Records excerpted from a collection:
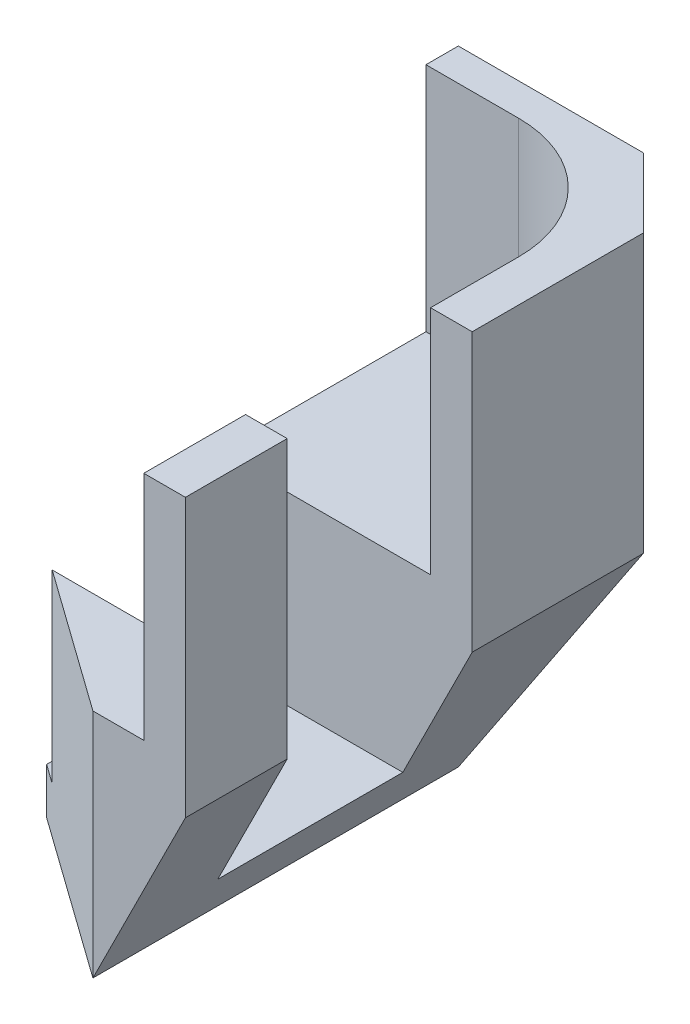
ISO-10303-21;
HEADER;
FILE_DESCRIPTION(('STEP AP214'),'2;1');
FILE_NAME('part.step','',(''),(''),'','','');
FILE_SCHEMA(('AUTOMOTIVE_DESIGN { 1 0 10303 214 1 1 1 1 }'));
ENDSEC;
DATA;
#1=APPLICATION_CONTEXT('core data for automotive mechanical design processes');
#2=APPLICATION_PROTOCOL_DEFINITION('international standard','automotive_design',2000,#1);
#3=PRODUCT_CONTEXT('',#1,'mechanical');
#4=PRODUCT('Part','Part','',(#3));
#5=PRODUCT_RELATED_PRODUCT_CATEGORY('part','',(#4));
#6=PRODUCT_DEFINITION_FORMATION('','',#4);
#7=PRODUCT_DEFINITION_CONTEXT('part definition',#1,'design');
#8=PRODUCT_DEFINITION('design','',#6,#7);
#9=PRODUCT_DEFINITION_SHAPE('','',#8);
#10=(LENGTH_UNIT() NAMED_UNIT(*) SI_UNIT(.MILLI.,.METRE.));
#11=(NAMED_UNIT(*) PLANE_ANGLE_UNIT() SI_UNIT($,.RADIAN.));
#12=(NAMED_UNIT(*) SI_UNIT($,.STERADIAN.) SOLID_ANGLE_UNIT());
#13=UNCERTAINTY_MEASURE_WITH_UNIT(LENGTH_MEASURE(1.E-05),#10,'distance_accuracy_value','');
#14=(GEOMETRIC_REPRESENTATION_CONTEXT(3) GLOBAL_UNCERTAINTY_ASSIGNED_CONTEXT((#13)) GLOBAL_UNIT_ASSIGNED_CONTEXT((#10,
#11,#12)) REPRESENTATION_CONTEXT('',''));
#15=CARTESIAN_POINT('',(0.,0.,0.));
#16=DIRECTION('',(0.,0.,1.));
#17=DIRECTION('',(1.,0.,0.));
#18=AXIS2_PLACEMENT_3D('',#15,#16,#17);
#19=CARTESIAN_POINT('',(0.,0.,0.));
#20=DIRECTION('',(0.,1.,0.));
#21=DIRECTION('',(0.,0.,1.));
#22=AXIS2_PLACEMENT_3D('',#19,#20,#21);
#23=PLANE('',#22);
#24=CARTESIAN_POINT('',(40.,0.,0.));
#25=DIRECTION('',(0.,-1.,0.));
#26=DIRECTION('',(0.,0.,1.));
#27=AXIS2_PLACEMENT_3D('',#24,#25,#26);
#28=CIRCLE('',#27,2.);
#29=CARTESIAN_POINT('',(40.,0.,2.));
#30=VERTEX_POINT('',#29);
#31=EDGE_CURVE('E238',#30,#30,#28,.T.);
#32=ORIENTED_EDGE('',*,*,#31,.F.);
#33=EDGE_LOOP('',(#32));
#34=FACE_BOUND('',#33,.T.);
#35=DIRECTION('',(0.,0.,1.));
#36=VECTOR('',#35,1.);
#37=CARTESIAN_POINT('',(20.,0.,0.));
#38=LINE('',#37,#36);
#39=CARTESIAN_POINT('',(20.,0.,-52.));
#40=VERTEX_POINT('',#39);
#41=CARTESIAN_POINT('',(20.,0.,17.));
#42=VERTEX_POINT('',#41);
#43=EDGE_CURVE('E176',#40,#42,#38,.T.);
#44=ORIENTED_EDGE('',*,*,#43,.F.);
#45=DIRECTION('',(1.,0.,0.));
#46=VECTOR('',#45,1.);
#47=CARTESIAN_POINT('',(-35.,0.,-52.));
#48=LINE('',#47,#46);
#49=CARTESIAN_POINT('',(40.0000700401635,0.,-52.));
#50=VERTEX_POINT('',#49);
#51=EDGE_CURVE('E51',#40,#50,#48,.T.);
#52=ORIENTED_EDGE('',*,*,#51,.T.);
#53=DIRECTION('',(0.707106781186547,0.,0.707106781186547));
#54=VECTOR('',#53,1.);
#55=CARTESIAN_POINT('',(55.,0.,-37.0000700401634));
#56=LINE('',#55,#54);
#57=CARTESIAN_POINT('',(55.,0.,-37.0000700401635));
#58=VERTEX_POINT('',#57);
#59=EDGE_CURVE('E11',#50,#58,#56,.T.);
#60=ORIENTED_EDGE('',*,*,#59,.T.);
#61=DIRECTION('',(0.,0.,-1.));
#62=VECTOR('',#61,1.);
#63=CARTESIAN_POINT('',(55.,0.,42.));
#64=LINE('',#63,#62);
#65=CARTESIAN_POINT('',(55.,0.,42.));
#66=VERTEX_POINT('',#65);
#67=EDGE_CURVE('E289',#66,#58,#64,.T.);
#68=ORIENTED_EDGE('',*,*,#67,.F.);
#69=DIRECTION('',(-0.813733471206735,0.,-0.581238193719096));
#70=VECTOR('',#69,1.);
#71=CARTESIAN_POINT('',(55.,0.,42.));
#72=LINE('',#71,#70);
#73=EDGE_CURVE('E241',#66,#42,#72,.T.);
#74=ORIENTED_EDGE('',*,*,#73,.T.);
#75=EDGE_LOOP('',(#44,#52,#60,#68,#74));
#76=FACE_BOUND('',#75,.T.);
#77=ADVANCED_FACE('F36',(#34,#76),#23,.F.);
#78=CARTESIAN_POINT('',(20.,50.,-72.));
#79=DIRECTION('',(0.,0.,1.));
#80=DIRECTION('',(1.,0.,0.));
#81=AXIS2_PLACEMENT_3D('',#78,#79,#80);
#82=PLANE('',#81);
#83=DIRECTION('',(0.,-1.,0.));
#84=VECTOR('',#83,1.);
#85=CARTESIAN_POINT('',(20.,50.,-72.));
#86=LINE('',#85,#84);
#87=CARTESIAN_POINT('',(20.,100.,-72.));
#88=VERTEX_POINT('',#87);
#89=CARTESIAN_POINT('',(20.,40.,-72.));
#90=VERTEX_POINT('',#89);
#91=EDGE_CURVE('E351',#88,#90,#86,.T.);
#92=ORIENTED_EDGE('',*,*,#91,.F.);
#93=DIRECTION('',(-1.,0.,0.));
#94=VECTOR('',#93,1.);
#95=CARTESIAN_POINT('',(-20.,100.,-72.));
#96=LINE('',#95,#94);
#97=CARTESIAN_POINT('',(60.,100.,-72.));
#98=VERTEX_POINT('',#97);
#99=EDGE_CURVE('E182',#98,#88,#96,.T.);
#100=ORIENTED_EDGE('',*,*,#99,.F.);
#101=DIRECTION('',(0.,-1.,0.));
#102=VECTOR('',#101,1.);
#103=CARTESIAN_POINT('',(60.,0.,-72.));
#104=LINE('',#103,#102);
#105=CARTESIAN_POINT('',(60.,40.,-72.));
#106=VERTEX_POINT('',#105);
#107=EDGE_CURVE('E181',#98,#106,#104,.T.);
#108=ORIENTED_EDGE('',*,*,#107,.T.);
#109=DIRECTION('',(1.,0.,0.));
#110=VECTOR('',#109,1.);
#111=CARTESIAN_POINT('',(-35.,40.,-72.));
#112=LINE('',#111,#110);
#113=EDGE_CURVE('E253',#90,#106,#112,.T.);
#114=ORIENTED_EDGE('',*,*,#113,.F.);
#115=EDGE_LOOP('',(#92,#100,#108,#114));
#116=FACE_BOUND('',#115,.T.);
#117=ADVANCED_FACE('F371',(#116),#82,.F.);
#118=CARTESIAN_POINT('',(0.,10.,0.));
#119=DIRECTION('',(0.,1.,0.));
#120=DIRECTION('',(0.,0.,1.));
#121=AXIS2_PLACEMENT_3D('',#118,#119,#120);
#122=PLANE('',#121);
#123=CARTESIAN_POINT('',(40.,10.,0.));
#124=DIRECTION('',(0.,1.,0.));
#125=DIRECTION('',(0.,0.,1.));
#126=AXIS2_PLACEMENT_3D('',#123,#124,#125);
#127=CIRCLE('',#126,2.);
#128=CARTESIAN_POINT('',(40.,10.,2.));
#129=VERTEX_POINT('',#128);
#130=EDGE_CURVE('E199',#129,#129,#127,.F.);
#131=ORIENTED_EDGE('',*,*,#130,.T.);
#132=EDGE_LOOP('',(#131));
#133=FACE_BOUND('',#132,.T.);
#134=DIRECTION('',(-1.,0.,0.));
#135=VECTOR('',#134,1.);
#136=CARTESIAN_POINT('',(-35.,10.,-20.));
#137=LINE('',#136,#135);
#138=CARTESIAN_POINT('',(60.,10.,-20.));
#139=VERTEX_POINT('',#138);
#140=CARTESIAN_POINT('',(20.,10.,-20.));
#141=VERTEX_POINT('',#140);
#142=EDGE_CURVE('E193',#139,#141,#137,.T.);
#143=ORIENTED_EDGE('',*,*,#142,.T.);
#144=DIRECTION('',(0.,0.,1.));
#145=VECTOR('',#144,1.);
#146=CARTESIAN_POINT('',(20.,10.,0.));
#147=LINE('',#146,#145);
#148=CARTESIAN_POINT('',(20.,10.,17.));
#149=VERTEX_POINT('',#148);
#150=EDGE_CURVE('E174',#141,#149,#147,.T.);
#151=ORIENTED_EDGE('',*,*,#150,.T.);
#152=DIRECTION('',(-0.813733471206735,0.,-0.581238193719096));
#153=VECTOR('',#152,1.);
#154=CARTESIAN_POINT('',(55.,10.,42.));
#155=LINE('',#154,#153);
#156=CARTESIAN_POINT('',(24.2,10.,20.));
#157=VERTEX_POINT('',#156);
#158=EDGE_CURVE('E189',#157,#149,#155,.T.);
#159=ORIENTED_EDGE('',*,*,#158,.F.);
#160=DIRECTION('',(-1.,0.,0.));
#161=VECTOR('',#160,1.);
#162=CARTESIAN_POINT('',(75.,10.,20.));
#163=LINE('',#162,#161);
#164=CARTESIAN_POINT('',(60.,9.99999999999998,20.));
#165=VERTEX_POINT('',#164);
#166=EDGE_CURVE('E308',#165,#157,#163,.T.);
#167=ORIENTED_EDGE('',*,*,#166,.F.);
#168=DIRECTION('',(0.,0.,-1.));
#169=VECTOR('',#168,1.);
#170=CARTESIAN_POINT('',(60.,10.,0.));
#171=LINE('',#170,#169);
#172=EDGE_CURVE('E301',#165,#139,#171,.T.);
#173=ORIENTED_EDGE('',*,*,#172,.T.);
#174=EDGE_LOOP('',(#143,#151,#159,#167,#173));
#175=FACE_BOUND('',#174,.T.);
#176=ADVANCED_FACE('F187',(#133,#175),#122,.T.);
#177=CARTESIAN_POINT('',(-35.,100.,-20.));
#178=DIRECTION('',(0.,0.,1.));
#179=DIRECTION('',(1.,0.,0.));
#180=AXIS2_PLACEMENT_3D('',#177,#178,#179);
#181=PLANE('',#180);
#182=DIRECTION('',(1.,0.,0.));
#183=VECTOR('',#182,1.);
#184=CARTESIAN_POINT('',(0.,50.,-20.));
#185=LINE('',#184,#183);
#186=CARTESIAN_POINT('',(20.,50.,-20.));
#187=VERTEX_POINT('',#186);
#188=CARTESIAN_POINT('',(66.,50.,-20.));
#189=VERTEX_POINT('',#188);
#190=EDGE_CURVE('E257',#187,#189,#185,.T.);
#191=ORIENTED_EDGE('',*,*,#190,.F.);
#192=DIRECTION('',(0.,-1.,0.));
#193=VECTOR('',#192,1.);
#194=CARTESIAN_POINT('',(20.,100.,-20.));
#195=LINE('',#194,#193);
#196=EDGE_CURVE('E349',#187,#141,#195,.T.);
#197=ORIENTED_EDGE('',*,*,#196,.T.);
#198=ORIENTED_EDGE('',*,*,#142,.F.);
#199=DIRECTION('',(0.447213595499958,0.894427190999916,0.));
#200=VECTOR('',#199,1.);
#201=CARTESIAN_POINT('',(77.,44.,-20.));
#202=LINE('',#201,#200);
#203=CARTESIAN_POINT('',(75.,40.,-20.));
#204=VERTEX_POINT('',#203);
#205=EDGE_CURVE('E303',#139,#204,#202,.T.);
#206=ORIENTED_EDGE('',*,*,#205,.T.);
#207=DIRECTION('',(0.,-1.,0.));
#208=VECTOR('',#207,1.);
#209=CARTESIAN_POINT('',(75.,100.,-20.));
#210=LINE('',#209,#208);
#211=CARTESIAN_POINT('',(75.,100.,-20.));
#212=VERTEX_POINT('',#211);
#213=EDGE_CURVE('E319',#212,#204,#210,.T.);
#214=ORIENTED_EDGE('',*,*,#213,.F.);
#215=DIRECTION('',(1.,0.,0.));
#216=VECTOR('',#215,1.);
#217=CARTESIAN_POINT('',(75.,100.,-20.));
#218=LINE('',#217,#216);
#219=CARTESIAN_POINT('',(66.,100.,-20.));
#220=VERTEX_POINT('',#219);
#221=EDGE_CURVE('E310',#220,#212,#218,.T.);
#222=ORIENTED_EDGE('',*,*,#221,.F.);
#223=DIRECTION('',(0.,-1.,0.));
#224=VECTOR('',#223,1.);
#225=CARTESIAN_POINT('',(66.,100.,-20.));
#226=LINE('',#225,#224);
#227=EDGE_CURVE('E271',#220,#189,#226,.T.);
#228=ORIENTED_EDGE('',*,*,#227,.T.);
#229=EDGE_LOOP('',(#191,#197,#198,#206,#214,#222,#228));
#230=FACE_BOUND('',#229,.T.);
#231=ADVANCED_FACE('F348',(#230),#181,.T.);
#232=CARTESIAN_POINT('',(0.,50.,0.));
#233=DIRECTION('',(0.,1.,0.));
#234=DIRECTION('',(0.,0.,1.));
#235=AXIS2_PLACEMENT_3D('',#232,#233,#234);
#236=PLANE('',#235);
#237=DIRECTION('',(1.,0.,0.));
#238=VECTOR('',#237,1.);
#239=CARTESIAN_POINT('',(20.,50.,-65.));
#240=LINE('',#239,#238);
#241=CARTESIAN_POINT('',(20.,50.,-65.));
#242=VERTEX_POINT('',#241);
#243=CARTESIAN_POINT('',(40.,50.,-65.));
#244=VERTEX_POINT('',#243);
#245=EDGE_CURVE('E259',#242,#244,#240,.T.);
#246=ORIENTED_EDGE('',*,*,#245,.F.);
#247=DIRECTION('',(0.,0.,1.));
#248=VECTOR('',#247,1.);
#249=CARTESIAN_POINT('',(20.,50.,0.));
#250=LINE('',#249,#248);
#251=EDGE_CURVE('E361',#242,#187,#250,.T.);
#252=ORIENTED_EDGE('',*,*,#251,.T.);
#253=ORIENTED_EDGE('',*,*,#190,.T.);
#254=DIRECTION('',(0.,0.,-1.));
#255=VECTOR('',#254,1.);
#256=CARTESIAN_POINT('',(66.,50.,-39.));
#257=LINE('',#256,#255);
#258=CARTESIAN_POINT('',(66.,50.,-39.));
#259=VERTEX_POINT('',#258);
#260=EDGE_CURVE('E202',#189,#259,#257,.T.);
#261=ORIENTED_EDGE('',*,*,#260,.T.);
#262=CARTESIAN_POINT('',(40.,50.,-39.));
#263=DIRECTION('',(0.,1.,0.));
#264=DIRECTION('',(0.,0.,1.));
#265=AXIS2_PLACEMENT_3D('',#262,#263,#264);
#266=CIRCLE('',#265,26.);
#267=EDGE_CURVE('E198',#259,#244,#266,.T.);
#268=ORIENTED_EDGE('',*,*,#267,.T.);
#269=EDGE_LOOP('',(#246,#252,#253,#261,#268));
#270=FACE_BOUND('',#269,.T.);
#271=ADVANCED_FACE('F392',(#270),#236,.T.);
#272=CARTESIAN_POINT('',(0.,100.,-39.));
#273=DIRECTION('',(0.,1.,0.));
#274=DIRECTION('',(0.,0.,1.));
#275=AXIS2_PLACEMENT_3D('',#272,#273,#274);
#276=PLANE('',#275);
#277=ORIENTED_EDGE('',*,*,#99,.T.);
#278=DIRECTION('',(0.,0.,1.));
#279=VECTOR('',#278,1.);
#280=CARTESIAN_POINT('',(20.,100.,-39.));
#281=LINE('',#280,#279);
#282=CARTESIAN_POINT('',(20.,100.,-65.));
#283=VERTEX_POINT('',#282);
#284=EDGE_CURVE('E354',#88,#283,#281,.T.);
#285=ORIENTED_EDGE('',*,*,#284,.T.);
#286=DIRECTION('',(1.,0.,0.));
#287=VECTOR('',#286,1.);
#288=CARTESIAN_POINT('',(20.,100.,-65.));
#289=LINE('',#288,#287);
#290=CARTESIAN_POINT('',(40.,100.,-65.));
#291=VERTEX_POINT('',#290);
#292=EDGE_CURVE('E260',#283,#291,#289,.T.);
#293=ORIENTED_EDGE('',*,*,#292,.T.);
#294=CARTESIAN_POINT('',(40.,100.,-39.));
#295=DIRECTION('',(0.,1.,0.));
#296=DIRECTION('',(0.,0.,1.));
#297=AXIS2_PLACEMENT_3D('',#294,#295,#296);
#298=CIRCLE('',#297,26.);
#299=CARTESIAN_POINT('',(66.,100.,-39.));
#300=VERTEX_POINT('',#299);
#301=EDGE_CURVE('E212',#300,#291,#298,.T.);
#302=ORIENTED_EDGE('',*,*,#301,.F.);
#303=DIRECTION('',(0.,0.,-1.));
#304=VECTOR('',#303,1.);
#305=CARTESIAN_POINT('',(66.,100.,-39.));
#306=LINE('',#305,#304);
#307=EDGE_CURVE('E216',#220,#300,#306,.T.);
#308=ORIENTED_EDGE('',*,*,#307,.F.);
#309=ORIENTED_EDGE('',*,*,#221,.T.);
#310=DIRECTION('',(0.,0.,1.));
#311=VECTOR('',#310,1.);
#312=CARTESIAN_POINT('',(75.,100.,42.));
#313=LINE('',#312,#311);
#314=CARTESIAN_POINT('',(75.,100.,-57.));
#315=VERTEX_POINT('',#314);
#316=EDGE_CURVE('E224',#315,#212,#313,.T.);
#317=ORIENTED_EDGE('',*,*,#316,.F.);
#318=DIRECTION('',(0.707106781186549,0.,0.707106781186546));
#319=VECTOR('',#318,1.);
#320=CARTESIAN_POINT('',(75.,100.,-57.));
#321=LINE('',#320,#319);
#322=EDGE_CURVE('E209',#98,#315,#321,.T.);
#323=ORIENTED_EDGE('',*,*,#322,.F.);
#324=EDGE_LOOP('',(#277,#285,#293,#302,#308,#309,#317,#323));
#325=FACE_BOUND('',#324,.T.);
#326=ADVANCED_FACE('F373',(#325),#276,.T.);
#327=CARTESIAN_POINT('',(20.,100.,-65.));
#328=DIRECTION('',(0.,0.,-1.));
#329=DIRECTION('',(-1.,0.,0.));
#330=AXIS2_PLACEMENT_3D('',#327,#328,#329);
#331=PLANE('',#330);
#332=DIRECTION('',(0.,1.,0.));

■ THE PROBLEM: Take exactly the lines from the one containing "#90=VERTEX_POINT('',#89);" through the one containing "#104=LINE('',#103,#102);" in the data above, and output them with nothing added.

■ TASK RESPONSE:
#90=VERTEX_POINT('',#89);
#91=EDGE_CURVE('E351',#88,#90,#86,.T.);
#92=ORIENTED_EDGE('',*,*,#91,.F.);
#93=DIRECTION('',(-1.,0.,0.));
#94=VECTOR('',#93,1.);
#95=CARTESIAN_POINT('',(-20.,100.,-72.));
#96=LINE('',#95,#94);
#97=CARTESIAN_POINT('',(60.,100.,-72.));
#98=VERTEX_POINT('',#97);
#99=EDGE_CURVE('E182',#98,#88,#96,.T.);
#100=ORIENTED_EDGE('',*,*,#99,.F.);
#101=DIRECTION('',(0.,-1.,0.));
#102=VECTOR('',#101,1.);
#103=CARTESIAN_POINT('',(60.,0.,-72.));
#104=LINE('',#103,#102);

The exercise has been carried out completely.